■ About this task ■
Wherever "BuildSketch" occurs in the entries, copy the line that holds it.

Data entries:
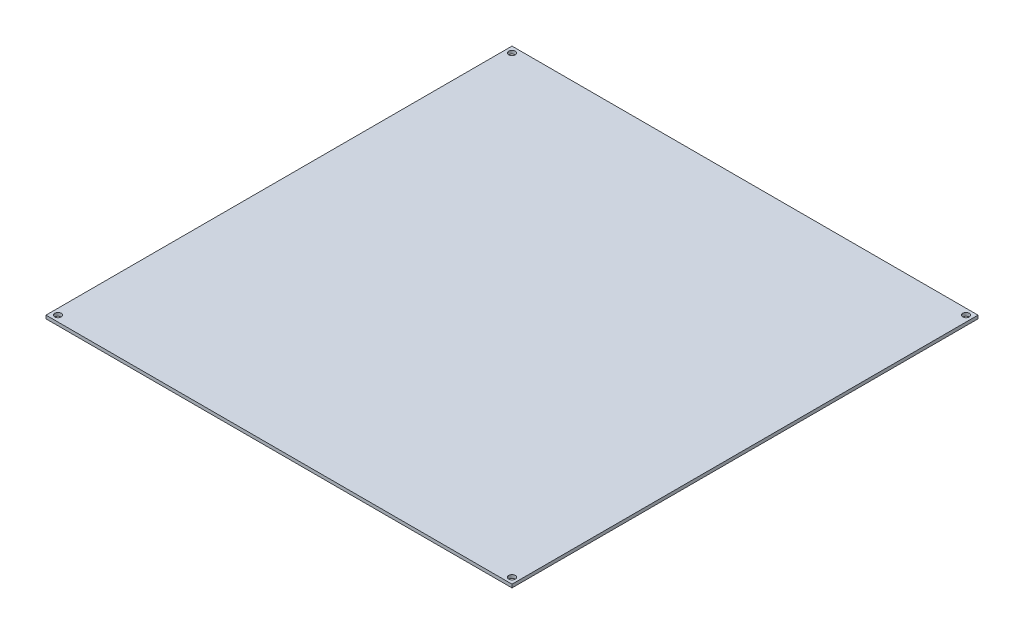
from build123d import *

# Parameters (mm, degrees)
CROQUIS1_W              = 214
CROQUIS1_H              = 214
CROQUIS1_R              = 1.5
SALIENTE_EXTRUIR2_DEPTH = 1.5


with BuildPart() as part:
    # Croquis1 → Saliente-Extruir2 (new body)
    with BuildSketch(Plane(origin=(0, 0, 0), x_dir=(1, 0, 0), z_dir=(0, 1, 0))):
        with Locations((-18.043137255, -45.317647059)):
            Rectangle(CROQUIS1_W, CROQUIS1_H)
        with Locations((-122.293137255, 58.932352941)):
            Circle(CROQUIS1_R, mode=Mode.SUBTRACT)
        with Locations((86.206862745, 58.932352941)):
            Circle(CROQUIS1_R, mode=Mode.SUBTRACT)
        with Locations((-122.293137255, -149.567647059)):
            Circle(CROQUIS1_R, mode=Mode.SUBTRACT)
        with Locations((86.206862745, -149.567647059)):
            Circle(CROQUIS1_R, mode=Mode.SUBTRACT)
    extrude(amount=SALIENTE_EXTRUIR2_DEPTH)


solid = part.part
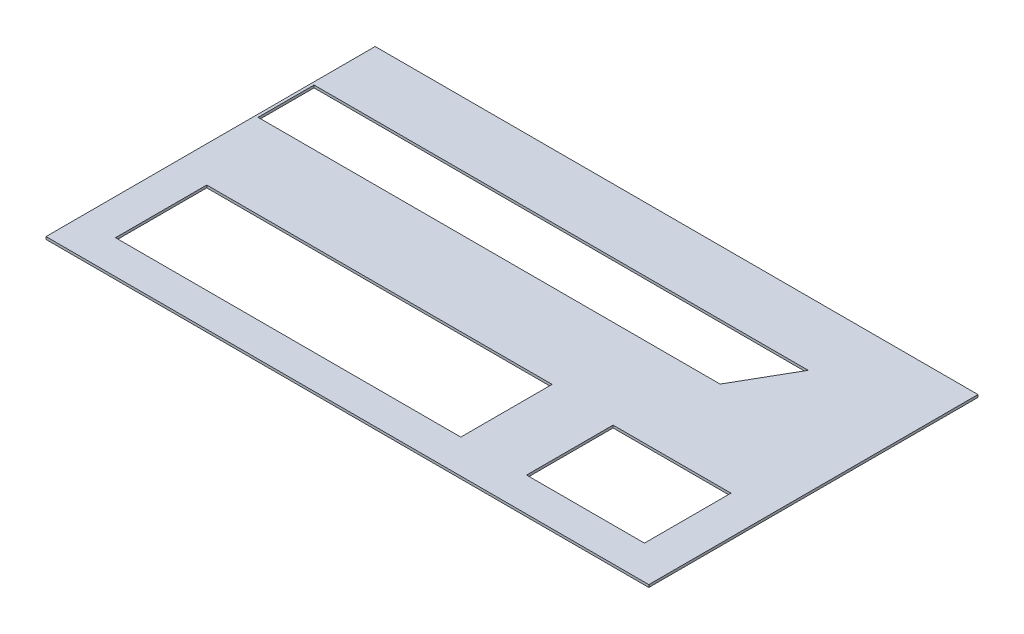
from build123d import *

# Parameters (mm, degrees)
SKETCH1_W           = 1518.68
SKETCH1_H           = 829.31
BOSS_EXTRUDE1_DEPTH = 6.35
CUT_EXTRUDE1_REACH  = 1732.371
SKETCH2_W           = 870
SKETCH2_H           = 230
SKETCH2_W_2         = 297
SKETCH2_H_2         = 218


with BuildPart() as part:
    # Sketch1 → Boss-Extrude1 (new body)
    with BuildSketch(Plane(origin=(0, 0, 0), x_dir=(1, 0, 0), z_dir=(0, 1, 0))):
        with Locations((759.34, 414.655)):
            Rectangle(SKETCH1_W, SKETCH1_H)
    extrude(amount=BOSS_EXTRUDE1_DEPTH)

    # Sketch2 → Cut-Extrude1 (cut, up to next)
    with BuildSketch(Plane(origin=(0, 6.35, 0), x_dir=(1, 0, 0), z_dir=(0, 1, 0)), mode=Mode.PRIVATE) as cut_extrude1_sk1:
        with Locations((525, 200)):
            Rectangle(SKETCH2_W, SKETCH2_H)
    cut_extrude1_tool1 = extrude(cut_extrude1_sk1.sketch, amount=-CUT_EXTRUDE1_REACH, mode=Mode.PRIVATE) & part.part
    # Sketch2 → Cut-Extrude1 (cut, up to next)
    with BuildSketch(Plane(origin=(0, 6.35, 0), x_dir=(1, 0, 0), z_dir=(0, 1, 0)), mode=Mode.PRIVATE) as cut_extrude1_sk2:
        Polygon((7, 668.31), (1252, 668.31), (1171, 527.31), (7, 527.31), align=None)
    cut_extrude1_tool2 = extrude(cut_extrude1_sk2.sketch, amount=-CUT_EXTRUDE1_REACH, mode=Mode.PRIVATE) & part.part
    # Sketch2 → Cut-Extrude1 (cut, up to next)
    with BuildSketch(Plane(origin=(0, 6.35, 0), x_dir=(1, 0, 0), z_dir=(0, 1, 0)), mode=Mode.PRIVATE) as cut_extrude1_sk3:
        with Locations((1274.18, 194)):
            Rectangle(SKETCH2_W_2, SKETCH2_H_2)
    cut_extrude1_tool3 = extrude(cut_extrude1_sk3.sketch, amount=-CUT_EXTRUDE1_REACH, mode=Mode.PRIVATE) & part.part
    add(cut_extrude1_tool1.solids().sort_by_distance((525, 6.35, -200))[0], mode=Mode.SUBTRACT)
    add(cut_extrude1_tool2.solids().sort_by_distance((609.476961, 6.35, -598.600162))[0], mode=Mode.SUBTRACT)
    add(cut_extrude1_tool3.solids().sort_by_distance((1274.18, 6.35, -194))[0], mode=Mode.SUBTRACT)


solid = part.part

■ Exercise result ■
    with BuildSketch(Plane(origin=(0, 0, 0), x_dir=(1, 0, 0), z_dir=(0, 1, 0))):
    with BuildSketch(Plane(origin=(0, 0, 0), x_dir=(1, 0, 0), z_dir=(0, 1, 0))):
    with BuildSketch(Plane(origin=(0, 6.35, 0), x_dir=(1, 0, 0), z_dir=(0, 1, 0)), mode=Mode.PRIVATE) as cut_extrude1_sk1:
    with BuildSketch(Plane(origin=(0, 6.35, 0), x_dir=(1, 0, 0), z_dir=(0, 1, 0)), mode=Mode.PRIVATE) as cut_extrude1_sk2:
    with BuildSketch(Plane(origin=(0, 6.35, 0), x_dir=(1, 0, 0), z_dir=(0, 1, 0)), mode=Mode.PRIVATE) as cut_extrude1_sk3:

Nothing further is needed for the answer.